Display of damaged Dunhuang murals.

Currently, digital image inpainting approaches fall into three main categories, partial differential equation (PDE)-based methods, patch-based methods, and deep learning-based techniques. Traditional image inpainting methods typically rely on mathematical models to simulate the diffusion of pixel information. Bertalmio et al.4 introduced a pioneering approach using PDEs to propagate neighboring pixel values into the missing region. These diffusion-based algorithms perform well in repairing small-scale damage, such as lines or narrow gaps, but struggle to reconstruct semantically meaningful content in larger missing areas. Another classical category is patch-based inpainting. Criminisi et al.5 proposed a method that uses priority-based filling of missing regions by searching for similar patches in the undamaged portions of the image. This technique considers both texture and structure continuity during patch matching and synthesis. While more effective than diffusion methods for slightly larger missing regions, patch-based inpainting still falls short when the missing content cannot be found elsewhere in the image. Furthermore, the absence of high-level semantic understanding often leads to visual artifacts and unnatural transitions in complex scenes.

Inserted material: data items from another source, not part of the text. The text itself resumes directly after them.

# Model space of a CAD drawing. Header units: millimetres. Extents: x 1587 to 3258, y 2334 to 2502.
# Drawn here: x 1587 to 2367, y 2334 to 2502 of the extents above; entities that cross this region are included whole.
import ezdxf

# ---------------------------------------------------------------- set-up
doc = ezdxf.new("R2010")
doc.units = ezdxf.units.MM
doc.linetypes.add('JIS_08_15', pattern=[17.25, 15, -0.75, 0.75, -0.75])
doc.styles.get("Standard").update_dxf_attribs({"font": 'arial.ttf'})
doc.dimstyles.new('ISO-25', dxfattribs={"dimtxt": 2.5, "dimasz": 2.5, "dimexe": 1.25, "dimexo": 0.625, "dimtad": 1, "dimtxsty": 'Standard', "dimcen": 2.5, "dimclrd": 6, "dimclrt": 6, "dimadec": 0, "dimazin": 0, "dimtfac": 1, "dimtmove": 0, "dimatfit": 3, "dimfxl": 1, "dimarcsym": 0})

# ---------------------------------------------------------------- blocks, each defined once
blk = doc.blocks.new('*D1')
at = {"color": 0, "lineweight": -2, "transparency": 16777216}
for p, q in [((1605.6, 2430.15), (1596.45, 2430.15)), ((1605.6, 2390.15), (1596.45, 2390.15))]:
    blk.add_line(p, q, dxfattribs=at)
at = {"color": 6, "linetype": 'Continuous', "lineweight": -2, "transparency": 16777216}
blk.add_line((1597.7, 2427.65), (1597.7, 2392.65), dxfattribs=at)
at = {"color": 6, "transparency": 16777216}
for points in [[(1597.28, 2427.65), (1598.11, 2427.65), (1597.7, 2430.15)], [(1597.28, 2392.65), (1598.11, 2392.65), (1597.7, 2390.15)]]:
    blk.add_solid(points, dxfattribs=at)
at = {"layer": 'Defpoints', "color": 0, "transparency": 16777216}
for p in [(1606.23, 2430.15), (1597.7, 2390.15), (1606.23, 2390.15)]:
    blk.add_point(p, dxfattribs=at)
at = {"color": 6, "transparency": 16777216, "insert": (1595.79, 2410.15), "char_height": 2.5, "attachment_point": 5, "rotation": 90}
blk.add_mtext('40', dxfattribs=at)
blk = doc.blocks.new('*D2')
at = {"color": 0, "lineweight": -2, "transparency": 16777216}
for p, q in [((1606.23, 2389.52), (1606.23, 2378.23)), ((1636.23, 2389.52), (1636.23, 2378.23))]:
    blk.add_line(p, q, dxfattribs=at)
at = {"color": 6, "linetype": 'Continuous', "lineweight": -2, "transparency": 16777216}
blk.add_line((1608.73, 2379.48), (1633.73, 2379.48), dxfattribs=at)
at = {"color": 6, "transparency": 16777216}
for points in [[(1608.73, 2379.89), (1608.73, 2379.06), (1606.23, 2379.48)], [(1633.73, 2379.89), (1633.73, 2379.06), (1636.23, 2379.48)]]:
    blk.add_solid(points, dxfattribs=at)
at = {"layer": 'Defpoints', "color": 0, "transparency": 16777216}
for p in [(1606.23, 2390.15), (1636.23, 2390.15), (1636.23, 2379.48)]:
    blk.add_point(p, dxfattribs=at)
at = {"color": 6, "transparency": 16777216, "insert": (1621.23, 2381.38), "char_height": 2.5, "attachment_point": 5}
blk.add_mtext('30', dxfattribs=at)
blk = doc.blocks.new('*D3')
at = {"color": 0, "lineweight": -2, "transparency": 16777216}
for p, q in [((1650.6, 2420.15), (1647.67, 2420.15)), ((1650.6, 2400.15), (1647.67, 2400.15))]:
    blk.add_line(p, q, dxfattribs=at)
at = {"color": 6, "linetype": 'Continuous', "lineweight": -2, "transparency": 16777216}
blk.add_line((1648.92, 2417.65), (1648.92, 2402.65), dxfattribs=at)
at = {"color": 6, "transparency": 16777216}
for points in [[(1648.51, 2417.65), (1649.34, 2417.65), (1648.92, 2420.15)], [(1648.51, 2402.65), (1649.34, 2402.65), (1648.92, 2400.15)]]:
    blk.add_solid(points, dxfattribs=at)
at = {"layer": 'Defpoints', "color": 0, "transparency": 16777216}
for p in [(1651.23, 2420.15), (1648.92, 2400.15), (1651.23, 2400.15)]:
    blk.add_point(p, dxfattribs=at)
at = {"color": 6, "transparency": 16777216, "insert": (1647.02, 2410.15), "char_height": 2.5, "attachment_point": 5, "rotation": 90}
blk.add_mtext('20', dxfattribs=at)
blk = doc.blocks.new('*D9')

Recent advances in deep learning, especially convolutional neural networks (CNNs), have significantly enhanced image inpainting capabilities. CNN-based inpainting models learn to predict missing content using contextual information from the entire image. Early approaches like ContextEncoder6 and Partial Convolution (PartialConv)7 introduced encoder-decoder frameworks that infer missing regions through feature learning. Morotti et al.8 proposed the DIP-ST method, which combines Deep Image Prior (DIP) with Style Transfer (ST) techniques, offering an innovative solution for restoring large damaged areas in artworks. The key innovation lies in its style loss function based on Gram matrices, where a pre-trained VGG network extracts stylistic features from reference images to enforce stylistic coherence between inpainted regions and original artworks. Unlike traditional data-driven methods requiring large training sets, DIP-ST achieves semantic-level inpainting with only a single style reference image, making it particularly suitable for cultural heritage scenarios with scarce training data.Recently proposed LaMa9 introduce Fast Fourier Convolution (FFC)10 into image inpainting. FFC empowers the fully convolutional network to have a global receptive field in its early layers, and have the ability to produce robust repeating texture.The UFFC module proposed by Chu et al.11 signifies a pivotal advancement in frequency-domain learning for image inpainting. This research provides profound insights into the inherent limitations of conventional FFC in low-level vision tasks, establishing a novel “unbiased frequency learning” paradigm. The architecture ingeniously integrates learnable range transformation, absolute positional encoding, dynamic skip connections and adaptive clipping to resolve fundamental issues like spectrum shifting and aberrant spatial activation. This work fundamentally reveals the intrinsic relationship between frequency-domain activation functions and inpainting quality, offering new theoretical perspectives for frequency-domain neural network design.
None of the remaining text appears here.